As the ghost, notwithstanding his woe-begone expression of countenance, appeared more inclined for a jest than any thing serious, all fear had now left its victim. He resolved to obey the suggestion of his fancy, and beckoned to the spectre to assume the seat from which he had just arisen. It obeyed instantly, threw off its red mantle, placed the shaving apparatus on the table, and seated itself in the attitude of a man who wishes to get quit of his beard. Frank followed exactly the routine which bad been observed in his case, clipped the beard and hair, lathered the whole head, his ghostship sitting the whole time as steady as a barber's block. The awkward wight was but a bad hand at the razor, (he never before had touched one,) so he shaved the beard against the hair, whereby the ghost made as strange grimaces as the ape of Erasmus, when he emulated his master in the self. infliction of the same delicate operation.
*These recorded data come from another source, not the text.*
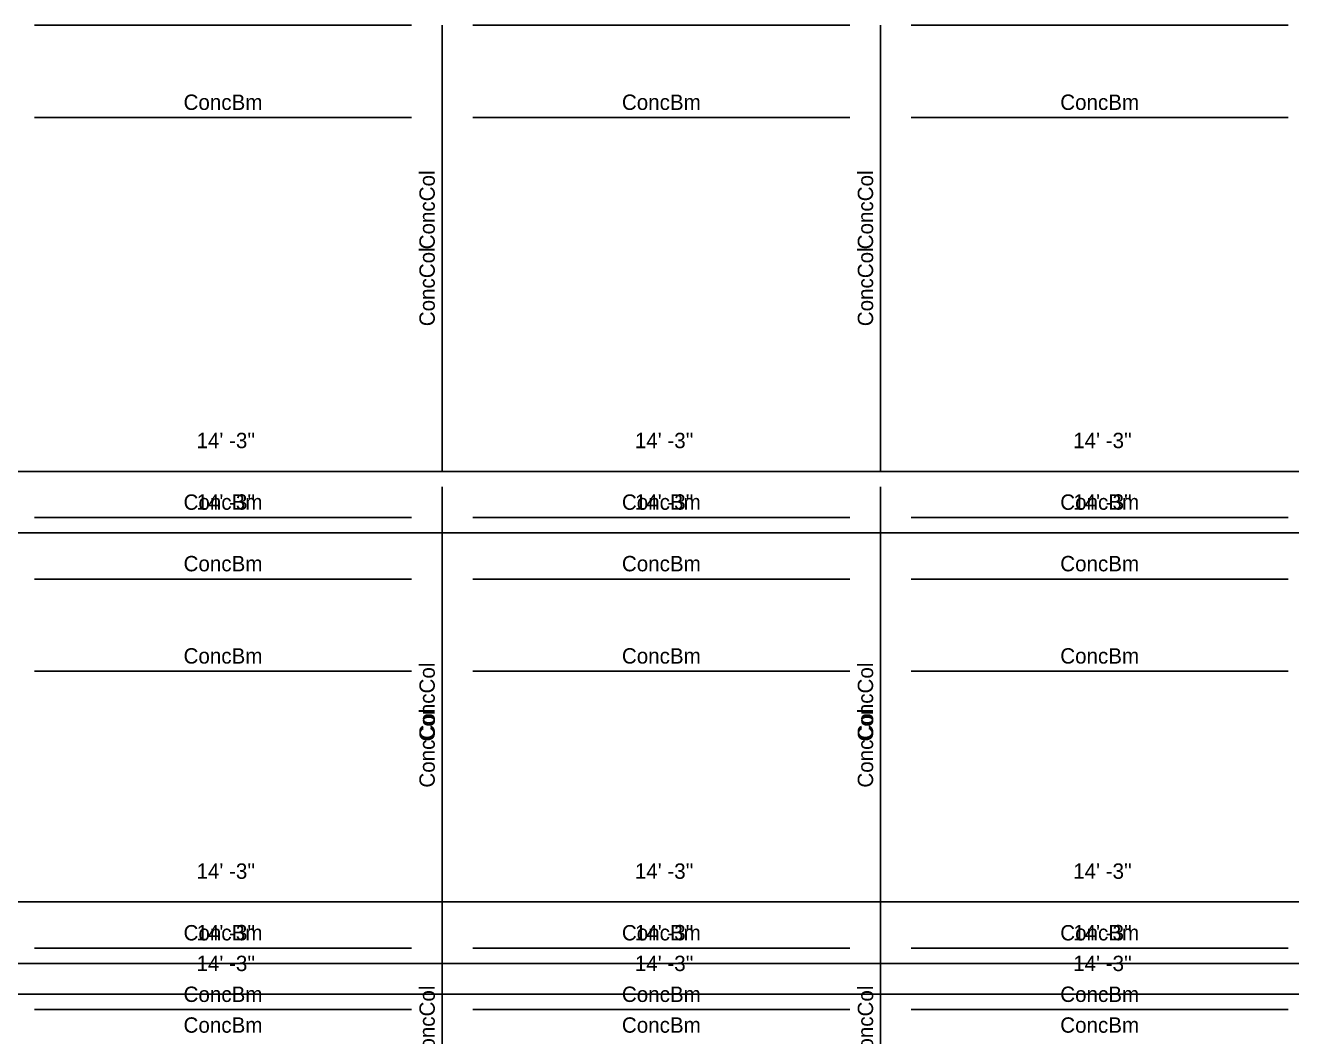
# Model space of a CAD drawing. Extents: x -38 to 2998, y -195 to 11529.
# Drawn here: x 1095.3 to 1589.4, y 181.5 to 576 of the extents above; entities that cross this region are included whole.
import ezdxf
from ezdxf.enums import TextEntityAlignment as Align

# ---------------------------------------------------------------- set-up
doc = ezdxf.new("R2010")
doc.units = 0
doc.header["$MEASUREMENT"] = 0
doc.layers.get('0').update_dxf_attribs({"linetype": 'CONTINUOUS'})
for name, color, linetype in [('CENTERLINES', 7, 'CONTINUOUS'), ('DIMENSIONS', 4, 'CONTINUOUS'), ('TEXT', 5, 'CONTINUOUS')]:
    doc.layers.add(name, color=color, linetype=linetype)
doc.dimstyles.get("Standard").update_dxf_attribs({"dimtxt": 0.18, "dimasz": 0.18, "dimexe": 0.18, "dimexo": 0.0625, "dimgap": 0.09, "dimtad": 0, "dimtih": 1, "dimtoh": 1, "dimdec": 4, "dimzin": 0, "dimtxsty": 'STANDARD', "dimcen": 0.09, "dimazin": 3, "dimtfac": 1, "dimtdec": 4, "dimtofl": 0, "dimtmove": 0, "dimatfit": 3, "dimtolj": 1, "dimtzin": 0})

# ---------------------------------------------------------------- blocks, each defined once
blk = doc.blocks.new('*D7612')
at = {"color": 1, "linetype": 'BYBLOCK'}
for points in [[(1091.73, 214.77), (1090.67, 213.71), (1083.25, 206.29), (1082.19, 205.23)], [(1262.73, 214.77), (1261.67, 213.71), (1254.25, 206.29), (1253.19, 205.23)]]:
    blk.add_solid(points, dxfattribs=at)
at = {"layer": 'DIMENSIONS', "color": 9, "linetype": 'BYBLOCK'}
for p, q in [((1086.96, 210), (1086.96, 228)), ((1257.96, 210), (1257.96, 228))]:
    blk.add_line(p, q, dxfattribs=at)
at = {"layer": 'DIMENSIONS', "color": 0, "linetype": 'BYBLOCK'}
blk.add_line((1086.96, 210), (1257.96, 210), dxfattribs=at)
at = {"layer": 'DIMENSIONS', "color": 0, "linetype": 'BYBLOCK', "insert": (1172.46, 222), "char_height": 6, "attachment_point": 5}
blk.add_mtext("\\A1; 14' -3''", dxfattribs=at)
blk = doc.blocks.new('*D7613')
at = {"color": 1, "linetype": 'BYBLOCK'}
for points in [[(1262.73, 214.77), (1261.67, 213.71), (1254.25, 206.29), (1253.19, 205.23)], [(1433.73, 214.77), (1432.67, 213.71), (1425.25, 206.29), (1424.19, 205.23)]]:
    blk.add_solid(points, dxfattribs=at)
at = {"layer": 'DIMENSIONS', "color": 9, "linetype": 'BYBLOCK'}
for p, q in [((1257.96, 210), (1257.96, 228)), ((1428.96, 210), (1428.96, 228))]:
    blk.add_line(p, q, dxfattribs=at)
at = {"layer": 'DIMENSIONS', "color": 0, "linetype": 'BYBLOCK'}
blk.add_line((1257.96, 210), (1428.96, 210), dxfattribs=at)
at = {"layer": 'DIMENSIONS', "color": 0, "linetype": 'BYBLOCK', "insert": (1343.46, 222), "char_height": 6, "attachment_point": 5}
blk.add_mtext("\\A1; 14' -3''", dxfattribs=at)
blk = doc.blocks.new('*D7614')
at = {"color": 1, "linetype": 'BYBLOCK'}
for points in [[(1433.73, 214.77), (1432.67, 213.71), (1425.25, 206.29), (1424.19, 205.23)], [(1604.73, 214.77), (1603.67, 213.71), (1596.25, 206.29), (1595.19, 205.23)]]:
    blk.add_solid(points, dxfattribs=at)
at = {"layer": 'DIMENSIONS', "color": 9, "linetype": 'BYBLOCK'}
for p, q in [((1428.96, 210), (1428.96, 228)), ((1599.96, 210), (1599.96, 228))]:
    blk.add_line(p, q, dxfattribs=at)
at = {"layer": 'DIMENSIONS', "color": 0, "linetype": 'BYBLOCK'}
blk.add_line((1428.96, 210), (1599.96, 210), dxfattribs=at)
at = {"layer": 'DIMENSIONS', "color": 0, "linetype": 'BYBLOCK', "insert": (1514.46, 222), "char_height": 6, "attachment_point": 5}
blk.add_mtext("\\A1; 14' -3''", dxfattribs=at)
blk = doc.blocks.new('*D7633')
at = {"color": 1, "linetype": 'BYBLOCK'}
for points in [[(1091.73, 406.77), (1090.67, 405.71), (1083.25, 398.29), (1082.19, 397.23)], [(1262.73, 406.77), (1261.67, 405.71), (1254.25, 398.29), (1253.19, 397.23)]]:
    blk.add_solid(points, dxfattribs=at)
at = {"layer": 'DIMENSIONS', "color": 9, "linetype": 'BYBLOCK'}
for p, q in [((1086.96, 402), (1086.96, 420)), ((1257.96, 402), (1257.96, 420))]:
    blk.add_line(p, q, dxfattribs=at)
at = {"layer": 'DIMENSIONS', "color": 0, "linetype": 'BYBLOCK'}
blk.add_line((1086.96, 402), (1257.96, 402), dxfattribs=at)
at = {"layer": 'DIMENSIONS', "color": 0, "linetype": 'BYBLOCK', "insert": (1172.46, 414), "char_height": 6, "attachment_point": 5}
blk.add_mtext("\\A1; 14' -3''", dxfattribs=at)
blk = doc.blocks.new('*D7634')
at = {"color": 1, "linetype": 'BYBLOCK'}
for points in [[(1262.73, 406.77), (1261.67, 405.71), (1254.25, 398.29), (1253.19, 397.23)], [(1433.73, 406.77), (1432.67, 405.71), (1425.25, 398.29), (1424.19, 397.23)]]:
    blk.add_solid(points, dxfattribs=at)
at = {"layer": 'DIMENSIONS', "color": 9, "linetype": 'BYBLOCK'}
for p, q in [((1257.96, 402), (1257.96, 420)), ((1428.96, 402), (1428.96, 420))]:
    blk.add_line(p, q, dxfattribs=at)
at = {"layer": 'DIMENSIONS', "color": 0, "linetype": 'BYBLOCK'}
blk.add_line((1257.96, 402), (1428.96, 402), dxfattribs=at)
at = {"layer": 'DIMENSIONS', "color": 0, "linetype": 'BYBLOCK', "insert": (1343.46, 414), "char_height": 6, "attachment_point": 5}
blk.add_mtext("\\A1; 14' -3''", dxfattribs=at)
blk = doc.blocks.new('*D7635')
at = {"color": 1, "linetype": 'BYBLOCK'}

The inexperienced blunderer began to feel strange, and thought of the proverb, "let the shoemaker stick to his last.” He put, however, a good countenance on the matter, and shaved the spectre as bald as himself.

Up to this moment, the business had been conducted on the footing of a pantomime. "Stranger," said the unearthly being, with a graceful and cordial bow, " accept my best thanks for the service you have done me. Through your means am I at last freed from the long imprisonment within this withered and marrowless frame, to which my soul has been doomed on account of my misdeeds.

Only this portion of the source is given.